Not all applications can use a gossip scheme. For example, if withdrawals from a bank account could 
be made independently at different replicas there would be no way of preventing overdrafts. Other 
applications are more forgiving. For example, in a mail system (e.g., [2/), a request to read mail need not 
produce all messages that have been sent; a promise of timely delivery is sufficient. However, there may 
be limits on how “old" the information used actually is. For example, it may be unacceptable for a user 
to see a message that he deleted the last time he logged in. The above gossip schemes have no way of 


ensuring that information seen by clients is "recent enough." 


This paper describes a gossip scheme that exploits the semantics of the applications to provide high 
availability. The scheme makes use of just a few replicas. Also, clients have a way of ensuring that the 


information returned is "recent enough." 


The remainder of this paper presents our approach. We begin by describing a particular service to be 
implemented by the technique. Then we describe how that service is implemented; a proof that our 
implementation works is given in the appendix. Next we generalize our technique and characterize what 
applications can use the technique and how different requirements of applications affect the 
implementation method. The following section compares the performance of our method with some other 


replication methods. We conclude with a summary and discussion of future work. 


2 Orphan Detection 


To make our presentation concrete and to motivate our approach, we will describe how the replication 
method works in the context of the particular application for which it was invented. The application is 
orphan detection in the Argus system. Only part of our orphan detection strategy is described below; the 
full method is discussed in [13]. 


Computations in Argus run as atomic transactions, or actions for short. An action is an orphan if it is 
active but an event has occurred that will prevent it from committing. One kind of event that causes 
orphans is a node crash. If an action ran at a node, and then the node crashed while the action continued 
to run elsewhere, the action cannot commit because any modifications it made at the node, and also any 


locks that were being held there on its behalf, are lost in the crash. 

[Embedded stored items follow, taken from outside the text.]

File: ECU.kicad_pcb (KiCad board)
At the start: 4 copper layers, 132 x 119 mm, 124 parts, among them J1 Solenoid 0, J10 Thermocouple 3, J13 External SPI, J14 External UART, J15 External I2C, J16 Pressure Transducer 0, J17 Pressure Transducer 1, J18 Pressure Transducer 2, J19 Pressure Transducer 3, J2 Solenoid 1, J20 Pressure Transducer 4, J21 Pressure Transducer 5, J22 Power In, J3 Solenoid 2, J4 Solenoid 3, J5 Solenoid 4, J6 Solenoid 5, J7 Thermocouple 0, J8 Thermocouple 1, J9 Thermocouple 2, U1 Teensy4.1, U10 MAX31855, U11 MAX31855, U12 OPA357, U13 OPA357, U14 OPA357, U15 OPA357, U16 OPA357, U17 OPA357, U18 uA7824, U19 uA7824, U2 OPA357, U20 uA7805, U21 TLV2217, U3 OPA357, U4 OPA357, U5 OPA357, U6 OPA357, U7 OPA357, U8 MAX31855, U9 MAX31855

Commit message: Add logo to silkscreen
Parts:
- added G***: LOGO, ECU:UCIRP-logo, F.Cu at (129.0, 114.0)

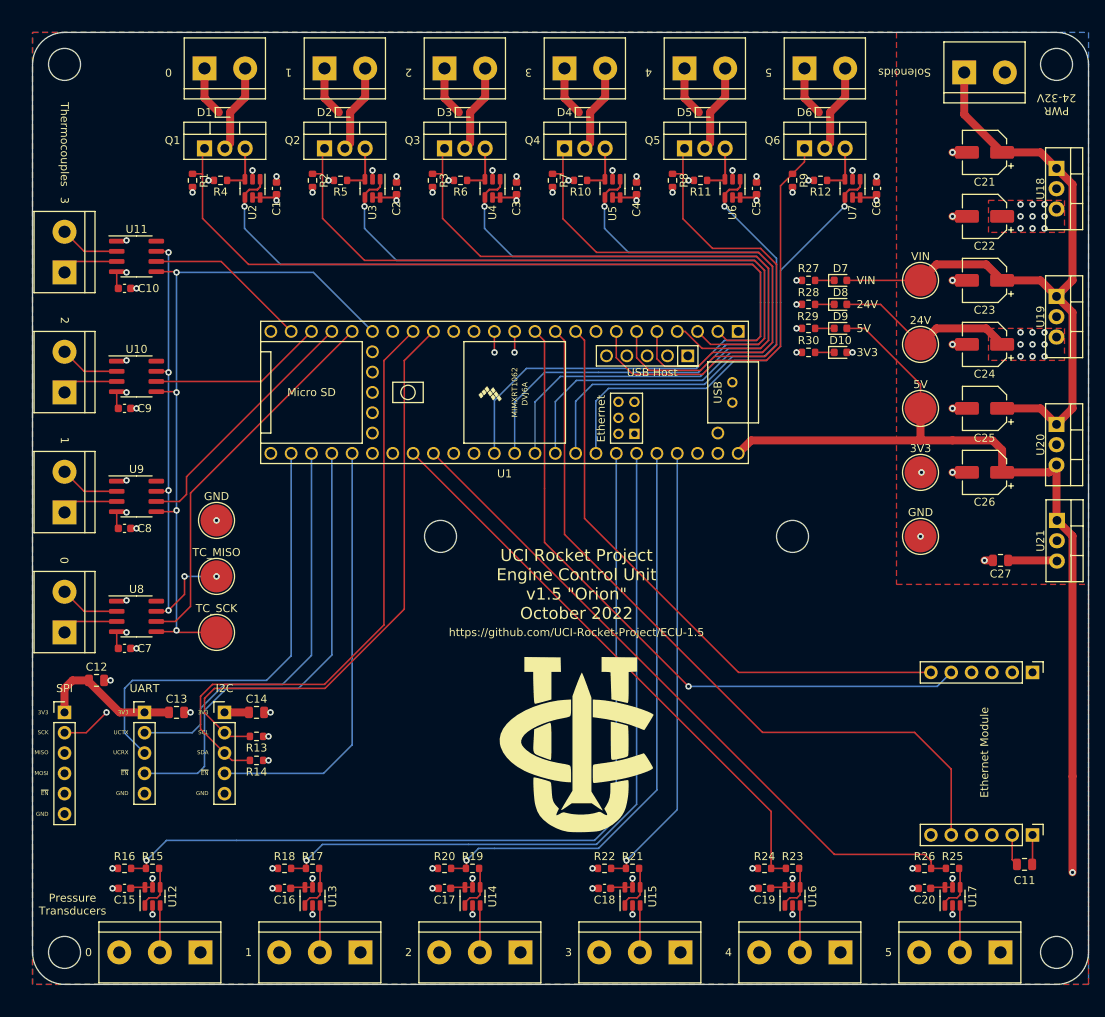
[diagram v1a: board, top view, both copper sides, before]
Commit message: Add silkscreen labels for screw terminals
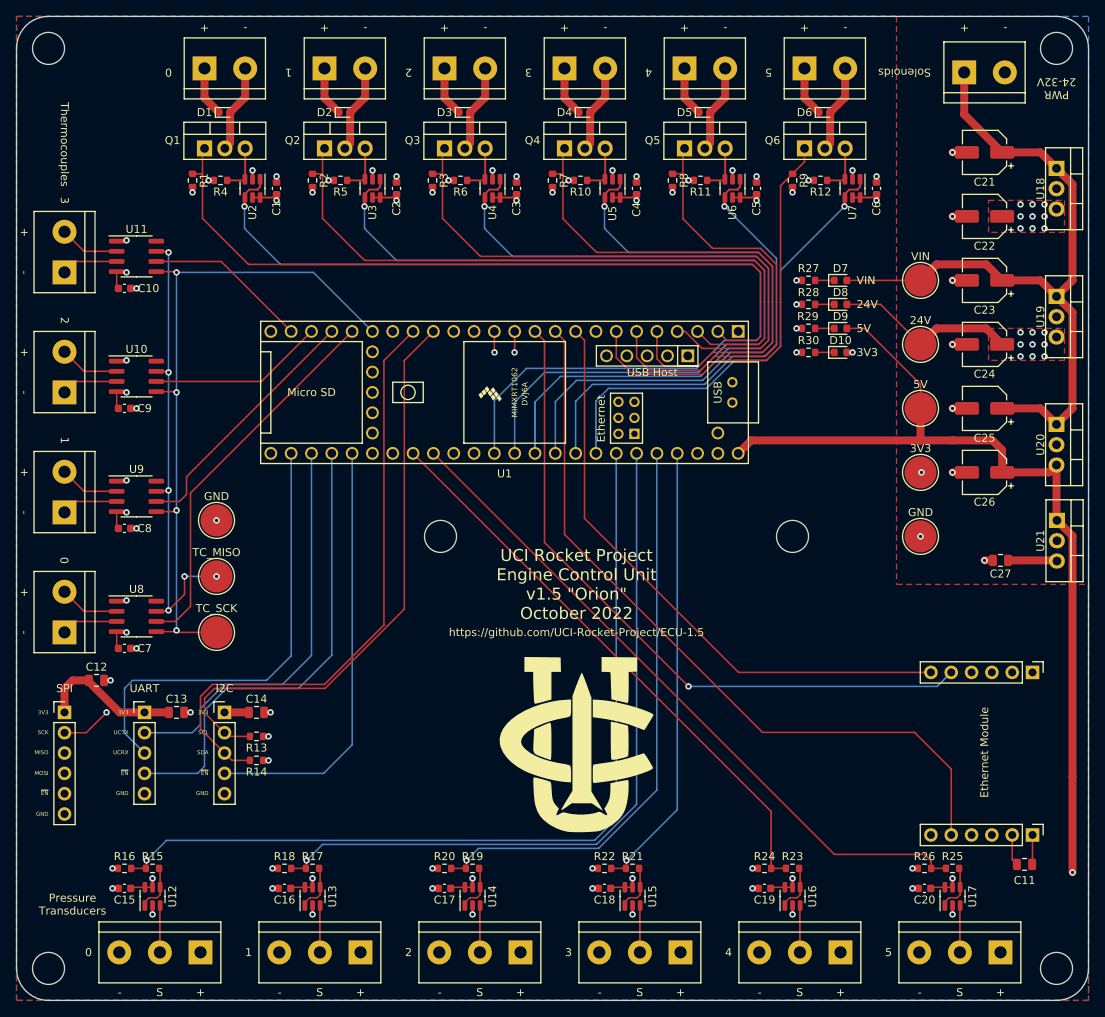
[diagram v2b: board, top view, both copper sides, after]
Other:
- board size 132 x 119 mm -> 134 x 123 mm
- board text added: "+"
- board text added: "-"
- board text added: "S"
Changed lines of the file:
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@@
     )
   )
-  (gr_circle (center 65 140) (end 67 140) (layer "Edge.Cuts") (width 0.1) (fill none))
+  (gr_circle (center 63 142) (end 65 142) (layer "Edge.Cuts") (width 0.1) (fill none))
   (gr_circle (center 112 88) (end 114 88) (layer "Edge.Cuts") (width 0.1) (fill none))
-  (gr_circle (center 189 29) (end 191 29) (layer "Edge.Cuts") (width 0.1) (fill none))
-  (gr_arc (start 193 140) (mid 191.828427 142.828427) (end 189 144) (layer "Edge.Cuts") (width 0.1))
-  (gr_circle (center 65 29) (end 67 29) (layer "Edge.Cuts") (width 0.1) (fill none))
-  (gr_circle (center 189 140) (end 191 140) (layer "Edge.Cuts") (width 0.1) (fill none))
-  (gr_line (start 193 29) (end 193 140) (layer "Edge.Cuts") (width 0.1))
-  (gr_line (start 189 144) (end 65 144) (layer "Edge.Cuts") (width 0.1))
-  (gr_line (start 65 25) (end 189 25) (layer "Edge.Cuts") (width 0.1))
-  (gr_arc (start 61 29) (mid 62.171573 26.171573) (end 65 25) (layer "Edge.Cuts") (width 0.1))
-  (gr_arc (start 65 144) (mid 62.171573 142.828427) (end 61 140) (layer "Edge.Cuts") (width 0.1))
-  (gr_arc (start 189 25) (mid 191.828427 26.171573) (end 193 29) (layer "Edge.Cuts") (width 0.1))
-  (gr_line (start 61 29) (end 61 140) (layer "Edge.Cuts") (width 0.1))
+  (gr_circle (center 189 27) (end 191 27) (layer "Edge.Cuts") (width 0.1) (fill none))
+  (gr_arc (start 193 142) (mid 191.828427 144.828427) (end 189 146) (layer "Edge.Cuts") (width 0.1))
+  (gr_circle (center 63 27) (end 65 27) (layer "Edge.Cuts") (width 0.1) (fill none))
+  (gr_circle (center 189 142) (end 191 142) (layer "Edge.Cuts") (width 0.1) (fill none))
+  (gr_line (start 193 27) (end 193 142) (layer "Edge.Cuts") (width 0.1))
+  (gr_line (start 189 146) (end 63 146) (layer "Edge.Cuts") (width 0.1))
+  (gr_line (start 63 23) (end 189 23) (layer "Edge.Cuts") (width 0.1))
+  (gr_arc (start 59 27) (mid 60.171573 24.171573) (end 63 23) (layer "Edge.Cuts") (width 0.1))
+  (gr_arc (start 63 146) (mid 60.171573 144.828427) (end 59 142) (layer "Edge.Cuts") (width 0.1))
+  (gr_arc (start 189 23) (mid 191.828427 24.171573) (end 193 27) (layer "Edge.Cuts") (width 0.1))
+  (gr_line (start 59 27) (end 59 142) (layer "Edge.Cuts") (width 0.1))
   (gr_circle (center 156 88) (end 158 88) (layer "Edge.Cuts") (width 0.1) (fill none))
+  (gr_text "+" (at 177.5 24.5 180) (layer "F.SilkS")
+    (effects (font (size 1 1) (thickness 0.15)))
+  )
+  (gr_text "S" (at 136.9 145) (layer "F.SilkS")
+    (effects (font (size 1 1) (thickness 0.15)))
+  )
   (gr_text "1" (at 88 140) (layer "F.SilkS")
+    (effects (font (size 1 1) (thickness 0.15)))
+  )
+  (gr_text "S" (at 116.9 145) (layer "F.SilkS")
     (effects (font (size 1 1) (thickness 0.15)))
   )
@@
     (effects (font (size 0.5 0.5) (thickness 0.1)) (justify right))
   )
+  (gr_text "+" (at 82.5 24.5 180) (layer "F.SilkS")
+    (effects (font (size 1 1) (thickness 0.15)))
+  )
+  (gr_text "-" (at 171.9 145) (layer "F.SilkS")
+    (effects (font (size 1 1) (thickness 0.15)))
+  )
+  (gr_text "-" (at 162.6 24.5 180) (layer "F.SilkS")
+    (effects (font (size 1 1) (thickness 0.15)))
+  )
+  (gr_text "+" (at 82 145) (layer "F.SilkS")
+    (effects (font (size 1 1) (thickness 0.15)))
+  )
+  (gr_text "-" (at 102.6 24.5 180) (layer "F.SilkS")
+    (effects (font (size 1 1) (thickness 0.15)))
+  )
+  (gr_text "+" (at 60 80 270) (layer "F.SilkS")
+    (effects (font (size 1 1) (thickness 0.15)))
+  )
   (gr_text "3V3" (at 172 77) (layer "F.SilkS")
     (effects (font (size 1 1) (thickness 0.15)))
   )
-  (gr_text "PWR\n24-32V" (at 189 34 180) (layer "F.SilkS")
+  (gr_text "-" (at 60 55 270) (layer "F.SilkS")
+    (effects (font (size 1 1) (thickness 0.15)))
+  )
+  (gr_text "PWR\n24-32V" (at 189 32 180) (layer "F.SilkS")
     (effects (font (size 1 1) (thickness 0.15)))
   )
@@
     (effects (font (size 1 1) (thickness 0.15)))
   )
+  (gr_text "-" (at 151.9 145) (layer "F.SilkS")
+    (effects (font (size 1 1) (thickness 0.15)))
+  )
+  (gr_text "S" (at 76.9 145) (layer "F.SilkS")
+    (effects (font (size 1 1) (thickness 0.15)))
+  )
+  (gr_text "-" (at 131.9 145) (layer "F.SilkS")
+    (effects (font (size 1 1) (thickness 0.15)))
+  )
   (gr_text "3" (at 65 46 270) (layer "F.SilkS")
     (effects (font (size 1 1) (thickness 0.15)))
   )
+  (gr_text "+" (at 157.5 24.5 180) (layer "F.SilkS")
+    (effects (font (size 1 1) (thickness 0.15)))
+  )
   (gr_text "GND" (at 73 120.1) (layer "F.SilkS")
     (effects (font (size 0.5 0.5) (thickness 0.1)) (justify right))
   )
+  (gr_text "+" (at 97.5 24.5 180) (layer "F.SilkS")
+    (effects (font (size 1 1) (thickness 0.15)))
+  )
   (gr_text "5V" (at 172 69) (layer "F.SilkS")
     (effects (font (size 1 1) (thickness 0.15)))
   )
+  (gr_text "+" (at 102 145) (layer "F.SilkS")
+    (effects (font (size 1 1) (thickness 0.15)))
+  )
+  (gr_text "-" (at 182.6 24.5 180) (layer "F.SilkS")
+    (effects (font (size 1 1) (thickness 0.15)))
+  )
+  (gr_text "+" (at 162 145) (layer "F.SilkS")
+    (effects (font (size 1 1) (thickness 0.15)))
+  )
   (gr_text "Pressure\nTransducers" (at 66 134) (layer "F.SilkS")
     (effects (font (size 1 1) (thickness 0.15)))
@@
     (effects (font (size 1 1) (thickness 0.15)))
   )
+  (gr_text "+" (at 127.5 24.5 180) (layer "F.SilkS")
+    (effects (font (size 1 1) (thickness 0.15)))
+  )
   (gr_text "VIN" (at 172 53) (layer "F.SilkS")
     (effects (font (size 1 1) (thickness 0.15)))
@@
     (effects (font (size 0.5 0.5) (thickness 0.1)) (justify right))
   )
+  (gr_text "+" (at 60 50 270) (layer "F.SilkS")
+    (effects (font (size 1 1) (thickness 0.15)))
+  )
+  (gr_text "+" (at 122 145) (layer "F.SilkS")
+    (effects (font (size 1 1) (thickness 0.15)))
+  )
   (gr_text "1" (at 93 30 180) (layer "F.SilkS")
     (effects (font (size 1 1) (thickness 0.15)))
   )
+  (gr_text "+" (at 112.5 24.5 180) (layer "F.SilkS")
+    (effects (font (size 1 1) (thickness 0.15)))
+  )
   (gr_text "Thermocouples" (at 65 39 270) (layer "F.SilkS")
     (effects (font (size 1 1) (thickness 0.15)))
@@
   )
   (gr_text "24V" (at 172 61) (layer "F.SilkS")
+    (effects (font (size 1 1) (thickness 0.15)))
+  )
+  (gr_text "S" (at 176.9 145) (layer "F.SilkS")
     (effects (font (size 1 1) (thickness 0.15)))
   )
@@
     (effects (font (size 0.5 0.5) (thickness 0.1)) (justify right))
   )
+  (gr_text "-" (at 111.9 145) (layer "F.SilkS")
+    (effects (font (size 1 1) (thickness 0.15)))
+  )
+  (gr_text "-" (at 87.6 24.5 180) (layer "F.SilkS")
+    (effects (font (size 1 1) (thickness 0.15)))
+  )
+  (gr_text "-" (at 91.9 145) (layer "F.SilkS")
+    (effects (font (size 1 1) (thickness 0.15)))
+  )
+  (gr_text "+" (at 142.5 24.5 180) (layer "F.SilkS")
+    (effects (font (size 1 1) (thickness 0.15)))
+  )
+  (gr_text "-" (at 60 100 270) (layer "F.SilkS")
+    (effects (font (size 1 1) (thickness 0.15)))
+  )
+  (gr_text "S" (at 96.9 145) (layer "F.SilkS")
+    (effects (font (size 1 1) (thickness 0.15)))
+  )
   (gr_text "3" (at 123 30 180) (layer "F.SilkS")
     (effects (font (size 1 1) (thickness 0.15)))
@@
   )
   (gr_text "TC_SCK" (at 84 97) (layer "F.SilkS")
+    (effects (font (size 1 1) (thickness 0.15)))
+  )
+  (gr_text "-" (at 132.6 24.5 180) (layer "F.SilkS")
+    (effects (font (size 1 1) (thickness 0.15)))
+  )
+  (gr_text "+" (at 60 65 270) (layer "F.SilkS")
     (effects (font (size 1 1) (thickness 0.15)))
   )
@@
     (effects (font (size 1 1) (thickness 0.15)))
   )
+  (gr_text "-" (at 60 70 270) (layer "F.SilkS")
+    (effects (font (size 1 1) (thickness 0.15)))
+  )
+  (gr_text "+" (at 182 145) (layer "F.SilkS")
+    (effects (font (size 1 1) (thickness 0.15)))
+  )
   (gr_text "GND" (at 172 85) (layer "F.SilkS")
+    (effects (font (size 1 1) (thickness 0.15)))
+  )
+  (gr_text "+" (at 142 145) (layer "F.SilkS")
+    (effects (font (size 1 1) (thickness 0.15)))
+  )
+  (gr_text "S" (at 156.9 145) (layer "F.SilkS")
     (effects (font (size 1 1) (thickness 0.15)))
   )
@@
     (effects (font (size 1 1) (thickness 0.15)))
   )
+  (gr_text "-" (at 60 85 270) (layer "F.SilkS")
+    (effects (font (size 1 1) (thickness 0.15)))
+  )
+  (gr_text "+" (at 60 95 270) (layer "F.SilkS")
+    (effects (font (size 1 1) (thickness 0.15)))
+  )
   (gr_text "SCK" (at 63 112.5) (layer "F.SilkS")
     (effects (font (size 0.5 0.5) (thickness 0.1)) (justify right))
@@
     (effects (font (size 0.5 0.5) (thickness 0.1)) (justify right))
   )
+  (gr_text "-" (at 147.6 24.5 180) (layer "F.SilkS")
+    (effects (font (size 1 1) (thickness 0.15)))
+  )
   (gr_text "3V3" (at 63 110) (layer "F.SilkS")
     (effects (font (size 0.5 0.5) (thickness 0.1)) (justify right))
+  )
+  (gr_text "-" (at 71.9 145) (layer "F.SilkS")
+    (effects (font (size 1 1) (thickness 0.15)))
+  )
+  (gr_text "-" (at 117.6 24.5 180) (layer "F.SilkS")
+    (effects (font (size 1 1) (thickness 0.15)))
   )
   (gr_text "0" (at 68 140) (layer "F.SilkS")
@@
         (xy 169 94)
         (xy 193 94)
-        (xy 193 144)
-        (xy 61 144)
-        (xy 61 25)
-        (xy 169 25)
+        (xy 193 146)
+        (xy 59 146)
+        (xy 59 23)
+        (xy 169 23)
       )
     )
@@
     (polygon
       (pts
-        (xy 193 144)
-        (xy 61 144)
-        (xy 61 25)
-        (xy 193 25)
+        (xy 193 146)
+        (xy 59 146)
+        (xy 59 23)
+        (xy 193 23)
       )
     )
@@
         (xy 67 134)
         (xy 193 134)
-        (xy 193 144)
-        (xy 61 144)
-        (xy 61 25)
-        (xy 193 25)
+        (xy 193 146)
+        (xy 59 146)
+        (xy 59 23)
+        (xy 193 23)
       )
     )
@@
     (polygon
       (pts
-        (xy 193 144)
-        (xy 61 144)
-        (xy 61 25)
-        (xy 193 25)
+        (xy 193 146)
+        (xy 59 146)
+        (xy 59 23)
+        (xy 193 23)
       )
     )

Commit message: Redesign power supply
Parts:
- removed C24, C25, C26: 10uF,50V, Capacitor_SMD:CP_Elec_5x5.9
- removed D8: LED, Diode_SMD:D_0603_1608Metric
- removed R28: 1.2K, Resistor_SMD:R_0603_1608Metric
- removed TP1, TP2: ~, TestPoint:TestPoint_Pad_D4.0mm
- removed U18, U19: uA7824, Package_TO_SOT_THT:TO-220-3_Vertical
- C21, C22, C23: value 10uF,50V -> 10uF; footprint Capacitor_SMD:CP_Elec_5x5.9 -> Capacitor_SMD:C_1206_3216Metric
- C27: value 22uF -> 10uF; footprint Capacitor_SMD:C_0805_2012Metric -> Capacitor_SMD:C_1206_3216Metric
- moved C23 33.8 mm to (169.0, 88.0)
- moved C21 32.0 mm to (169.0, 70.0)
- moved C22 29.2 mm to (169.0, 75.0)
- moved C27 13.2 mm to (169.0, 93.0)
- moved TP3 10.8 mm to (162.0, 76.0)
- moved TP4 10.8 mm to (162.0, 84.0)
- moved TP5 10.8 mm to (162.0, 92.0)
- moved U20 8.90 mm to (181.1, 70.0)
- moved U21 8.25 mm to (181.1, 88.0)
- moved D10 4.12 mm to (163.0, 61.0)
- moved D9 4.12 mm to (163.0, 58.0)
- moved R29 4.12 mm to (159.0, 58.0)
- moved R30 4.12 mm to (159.0, 61.0)
- moved D7 1.41 mm to (163.0, 55.0)
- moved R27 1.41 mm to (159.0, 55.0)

The logical nodes of the Argus system are called guardians. Each guardian resides on a single physical 
node and communicates with other guardians by means of remote procedure calls. An action starts at 
one guardian and spreads to others by means of remote calls. When an action commits, the guardians 
visited by the action participate in the two-phase commit protocol [7] to ensure that the action either 


commits everywhere, or aborts everywhere if committing is impossible. 


We detect crash orphans by keeping track of crashes of guardians. Each guardian maintains a local 
crash count and a map. The crash count is an integer that is incremented after every crash; it counts the 
number of times its guardian has crashed since it was created. The map stores a crash count for each 
guardian. (Information is not stored explicitly in the map for guardians that have not yet been created; 
all such guardians are mapped implicitly to a crash count of zero.) After a guardian recovers from a 
crash, it increments its crash count and stores the new value in stable storage. It also updates its map to 


reflect its new crash count. 


We also maintain a dependency list for each action; the list. records each guardian visited by the action 
and its crash count at the time of the visit. The list is sent with the action as it moves from guardian to 
guardian. The dependency list and map together can be used to detect orphans. For example, suppose 
that action A visited guardian G when G’s crash count was 3. If later A visits guardian H, and H’s map 
contains a larger crash count than 3 for G, we can deduce at H that A is an orphan. When H discovers 


this it causes A to abort. 


Our orphan detection algorithm requires that when a guardian G processes a message from guardian H, 
G’s map must contain information at least as recent as that in H’s map. (The reason for this requirement 
is discussed in [18], [13].) We satisfy this condition by sending H’s map in the message; G can then merge 


any new information into its map to satisfy the condition. 


Thus, every message M contains the map of its sending guardian. In addition, each message sent on 
behalf of a remote call (this message is either a call message or a reply message) contains the dependency 


list of its action. 


Orphans are recognized as part of the processing of incoming messages. When a message M arrives at 


guardian G, it is processed as follows: 


1. The dependency list of each action A that is running at G is compared with M’s map. If some 
guardian in the A’s dependency list has a higher crash count in M’s map than in the list, A is 
an orphan. 


2. The maps are merged by retaining the larger of the two crash counts for each guardian, and 
the merged map replaces G’s map. 


3. If the incoming message is a call or reply message, then M’s dependency list is compared with 
G’s map, and if any guardian in common has a larger crash count in G’s map, the calling or 
replying action is an orphan, and the message is discarded. 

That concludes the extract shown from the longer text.